Extracted records:
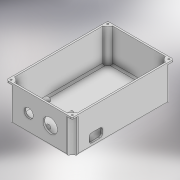
# Autodesk Inventor part: Chasis Raspberry Pi
Saved by Autodesk Inventor 2021.4 (Build 254397000, 397)
## iProperties
Created: 2022-12-12
Part Number: Chasis Raspberry Pi
Material: Genérico
Document SubType Name: Modeling
Designer: crist
Density: 1 g/cm^3
Appearance: Valor por defecto
Mass: 48.8958 g
Surface Area: 495.771 cm^2
Volume: 48.8958 cm^3
Author: crist
Autodesk Inventor part; units mm, degrees
ref_plane "YZ Plane" through (0, 0, 0) normal (1, 0, 0) x (0, 1, 0)
ref_plane "XZ Plane" through (0, 0, 0) normal (0, 1, 0) x (-1, 0, 0)
ref_plane "XY Plane" through (0, 0, 0) normal (0, 0, 1) x (1, 0, 0)
sketch "Boceto1" plane through (0, 0, 0) normal (0, 1, 0) x (-1, 0, 0)
  line L0 (0, 0) -> (78, 0)
  line L1 (78, 0) -> (78, -120)
  line L2 (78, -120) -> (0, -120)
  line L3 (0, -120) -> (0, 0)
  dimension "d0" = 78
  dimension "d1" = 120
  constraints: 8 end point, 2 parallel, 1 horizontal, 1 perpendicular
  measures "d0" distance of L1.end L2.end
  measures "d1" distance of L0.end L1.end
extrude "Extrusión1" add sketch "Boceto1" along normal blind 2
sketch "Boceto2" plane through (0, 2, 0) normal (0, 1, 0) x (1, 0, 0)
  line L0 (0, 120) -> (0, 0) projected
  line L1 (0, 0) -> (-78, 0) projected
  line L2 (-78, 0) -> (-78, 120) projected
  line L3 (-78, 120) -> (0, 120) projected
  line L4 (-76, 118) -> (-76, 2)
  line L5 (-76, 2) -> (-2, 2)
  line L6 (-2, 2) -> (-2, 118)
  line L7 (-2, 118) -> (-76, 118)
  dimension "d4" = 2
  constraints: 8 end point, 3 other
  measures "d4" distance between parallel lines of L2 L4
extrude "Extrusión2" add sketch "Boceto2" along normal blind 40
sketch "Boceto3" plane through (-78, 0, 0) normal (0, 0, 1) x (1, 0, 0)
  line L0 (0, 42) -> (78, 42) projected
  line L1 (78, 42) -> (78, 21)
  line L2 (78, 0) -> (78, 42) projected
  line L3 (78, 21) -> (68, 21)
  line L4 (68, 21) -> (68, 37)
  line L5 (68, 37) -> (36, 37)
  line L6 (36, 37) -> (36, 5)
  line L7 (36, 5) -> (68, 5)
  line L8 (68, 5) -> (68, 21)
  line L9 (36, 37) -> (38, 37)
  line L10 (38, 37) -> (38, 35)
  circle A0 centre (38, 35) radius 1
  line L11 (52, 37) -> (52, 25.2486)
  line L12 (36, 21) -> (50.0571, 21)
  circle A1 centre (66, 35) radius 1
  circle A2 centre (38, 7) radius 1
  circle A3 centre (66, 7) radius 1
  dimension "d7" = 21
  dimension "d8" = 10
  dimension "d9" = 16
  dimension "d10" = 32
  dimension "d11" = 32
  dimension "d12" = 32
  dimension "d13" = 2
  dimension "d14" = 2
  dimension "d15" = 2
  constraints: 22 end point, 5 perpendicular, 4 centre point, 3 midpoint, 3 symmetric about line, 2 point on line, 1 coincident, 1 horizontal, 1 vertical, 3 other
  measures "d7" distance of L0.end L1.end
  measures "d8" distance of L1.end L3.end
  measures "d9" distance of L3.end L4.end
  measures "d10" distance of L4.end L5.end
  measures "d11" distance of L5.end L6.end
  measures "d12" distance of L6.end L7.end
  measures "d13" distance of L5.end L9.end
  measures "d14" distance of L9.end L10.end
  measures "d15" diameter of A0
extrude "Extrusión3" cut sketch "Boceto3" against normal blind 2 contours A0 | A1 | A2 | A3
sketch "Boceto4" plane through (-78, 0, 0) normal (0, 0, 1) x (1, 0, 0)
  line L0 (0, 0) -> (0, 42) projected
  line L1 (0, 42) -> (0, 21)
  line L2 (0, 0) -> (78, 0) projected
  line L3 (0, 21) -> (5, 21)
  line L4 (5, 21) -> (5, 29.01)
  line L5 (5, 29.01) -> (33.28, 29.01)
  line L6 (33.28, 29.01) -> (33.28, 12.99)
  line L7 (33.28, 12.99) -> (5, 12.99)
  line L8 (5, 12.99) -> (5, 21)
  line L9 (5, 21) -> (33.28, 21)
  line L10 (33.28, 21) -> (26.425, 21)
  circle A0 centre (26.425, 21) radius 5.5
  line L11 (33.28, 29.01) -> (31.44, 29.01)
  line L12 (31.44, 29.01) -> (31.44, 27.05)
  circle A1 centre (31.44, 27.05) radius 1
  circle A2 centre (31.44, 14.95) radius 1
  dimension "d18" = 21
  dimension "d19" = 8.01
  dimension "d20" = 28.28
  dimension "d21" = 16.02
  dimension "d22" = 28.28
  dimension "d23" = 6.855
  dimension "d24" = 11
  dimension "d25" = 1.84
  dimension "d26" = 1.96
  dimension "d27" = 2
  dimension "d104" = 5
  constraints: 22 end point, 6 perpendicular, 3 centre point, 2 coincident, 2 point on line, 1 horizontal, 1 midpoint, 1 symmetric about line, 1 other
  measures "d18" distance of L0.end L1.end
  measures "d19" distance of L3.end L4.end
  measures "d20" distance of L4.end L5.end
  measures "d21" distance of L5.end L6.end
  measures "d22" distance of L6.end L7.end
  measures "d23" distance of L9.end L10.end
  measures "d24" diameter of A0
  measures "d25" distance of L5.end L11.end
  measures "d26" distance of L11.end L12.end
  measures "d27" diameter of A1
  measures "d104" distance of L1.end L3.end
extrude "Extrusión4" cut sketch "Boceto4" against normal blind 2 contours A0 L9 | L9 A0 | A1 | A2
fillet "Empalme1" radius 2 16 edges at (-76, 2, -60) (0, 21, 0) (-78, 21, 0) (-39, 0, 0) (0, 0, -60) (-39, 2, -118) (-76, 22, -118) (0, 21, -120) (-2, 22, -118) (-2, 22, -2) (-78, 21, -120) (-2, 2, -60) (-76, 22, -2) (-39, 2, -2) (-39, 0, -120) (-78, 0, -60)
sketch "Boceto5" plane through (-4, 42, -2) normal (0, 0, -1) x (-1, 0, 0)
  line L0 (72, -42) -> (-2, -42) projected
  arc A0 (-4, -40) -> (-2, -42) centre (-2, -40) ccw projected
  line L1 (-4, -40) -> (-4, 0) projected
  line L2 (-4, 0) -> (0, 0) projected
  line L3 (0, 0) -> (70, 0) projected
  line L4 (70, 0) -> (74, 0) projected
  line L5 (74, 0) -> (74, -40) projected
  line L6 (0, 0) -> (0, -38) projected
  line L7 (0, -38) -> (70, -38) projected
  line L8 (70, 0) -> (70, -38) projected
  circle A1 centre (42.56, -27.05) radius 1 projected
  circle A2 centre (42.56, -14.95) radius 1 projected
  circle A3 centre (47.575, -21) radius 5.5 projected
  circle A4 centre (36, -35) radius 1 projected
  circle A5 centre (36, -7) radius 1 projected
  circle A6 centre (8, -35) radius 1 projected
  circle A7 centre (8, -7) radius 1 projected
  circle A8 centre (8, -7) radius 2.5
  circle A9 centre (36, -7) radius 2.5
  circle A10 centre (36, -35) radius 2.5
  circle A11 centre (8, -35) radius 2.5
  arc A12 (72, -42) -> (74, -40) centre (72, -40) ccw projected
  point P0 (-4, -42)
  dimension "d31" = 1.5
  dimension "d32" = 1.5
  dimension "d33" = 1.5
  dimension "d35" = 1.5
  constraints: 4 centre point
  measures "d31" radial gap between concentric circles of A7 A8
  measures "d32" radial gap between concentric circles of A5 A9
  measures "d33" radial gap between concentric circles of A4 A10
  measures "d35" radial gap between concentric circles of A6 A11
extrude "Extrusión5" add sketch "Boceto5" along normal blind 10 contours A8 | A9 | A10 | A11
sketch "Boceto6" plane through (-4, 42, -2) normal (0, 0, -1) x (-1, 0, 0)
  circle A0 centre (8, -7) radius 1 projected
  circle A1 centre (36, -7) radius 1 projected
  line L0 (8, -7) -> (36, -7)
  line L1 (22, -7) -> (22, -21)
  circle A2 centre (22, -21) radius 8.5
  point P0 (-4, -42)
  dimension "d38" = 14
  dimension "d39" = 17
  constraints: 4 end point, 1 centre point, 1 coincident, 1 horizontal, 1 midpoint, 1 vertical
  measures "d38" distance of L1.start L1.end
  measures "d39" diameter of A2
extrude "Extrusión6" cut sketch "Boceto6" against normal blind 2 contours A2
sketch "Boceto7" plane through (-4, 42, -2) normal (0, 0, -1) x (-1, 0, 0)
  circle A0 centre (22, -21) radius 8.5 projected
  circle A1 centre (8, -7) radius 2.5 projected
  circle A2 centre (36, -35) radius 2.5 projected
  circle A3 centre (8, -35) radius 2.5 projected
  circle A4 centre (36, -7) radius 2.5 projected
  line L0 (72, -42) -> (-2, -42) projected
  arc A5 (-4, -40) -> (-2, -42) centre (-2, -40) ccw projected
  line L1 (-4, -40) -> (-4, 0) projected
  line L2 (-4, 0) -> (0, 0) projected
  line L3 (0, 0) -> (70, 0) projected
  line L4 (70, 0) -> (74, 0) projected
  line L5 (74, 0) -> (74, -40) projected
  line L6 (0, 0) -> (0, -38) projected
  line L7 (0, -38) -> (70, -38) projected
  line L8 (70, 0) -> (70, -38) projected
  circle A6 centre (42.56, -27.05) radius 1 projected
  circle A7 centre (42.56, -14.95) radius 1 projected
  circle A8 centre (47.575, -21) radius 5.5 projected
  circle A9 centre (36, -35) radius 1 projected
  circle A10 centre (36, -7) radius 1 projected
  circle A11 centre (8, -35) radius 1 projected
  circle A12 centre (8, -7) radius 1 projected
  arc A13 (44.6263, -16.3572) -> (43.5596, -17.2415) centre (42.56, -14.95) ccw
  arc A14 (43.5596, -24.7585) -> (44.6263, -25.6428) centre (42.56, -27.05) ccw
  arc A15 (72, -42) -> (74, -40) centre (72, -40) ccw projected
  point P0 (-4, -42)
  dimension "d42" = 1.5
  dimension "d43" = 1.5
  constraints: 8 point on circle, 2 centre point
  measures "d42" radial gap between concentric circles of A7 A13
  measures "d43" radial gap between concentric circles of A6 A14
extrude "Extrusión7" add sketch "Boceto7" along normal blind 6 contours A8 A13 | A14 A8
sketch "Boceto8" plane through (-76, 42, 0) normal (0, 0, 1) x (1, 0, 0)
  line L0 (72, -38) -> (2, -38) projected
  line L1 (59.0515, -3.7406) -> (69.5704, -3.7406)
  line L2 (69.5704, -3.7406) -> (69.5704, -38)
  line L3 (69.5704, -38) -> (59.0515, -38)
  line L4 (59.0515, -38) -> (59.0515, -3.7406)
  line L5 (41.825, -36.9742) -> (28.325, -36.9742)
  line L6 (28.325, -36.9742) -> (28.325, -25.9742)
  line L7 (28.325, -25.9742) -> (41.825, -25.9742)
  line L8 (41.825, -25.9742) -> (41.825, -36.9742)
  line L9 (28.325, -16.6878) -> (38.9625, -16.6878)
  line L10 (38.9625, -16.6878) -> (38.9625, -3.7406)
  line L11 (38.9625, -3.7406) -> (28.325, -3.7406)
  line L12 (28.325, -3.7406) -> (28.325, -16.6878)
  dimension "d107" = 11
  dimension "d108" = 13.5
  constraints: 24 end point, 6 parallel, 3 horizontal, 3 perpendicular, 1 point on line
  measures "d107" distance of L7.end L5.start
  measures "d108" distance of L6.end L7.end
extrude "Extrusión8" add sketch "Boceto8" against normal blind 2
sketch "Boceto9" plane through (0, 2, -118) normal (1, 0, 0) x (0, 0, -1)
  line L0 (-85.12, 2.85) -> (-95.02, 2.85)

*Work to complete*
Wherever a line in the data above contains the word "diameter", copy that line.

*The completed task*
  measures "d15" diameter of A0
  measures "d24" diameter of A0
  measures "d27" diameter of A1
  measures "d39" diameter of A2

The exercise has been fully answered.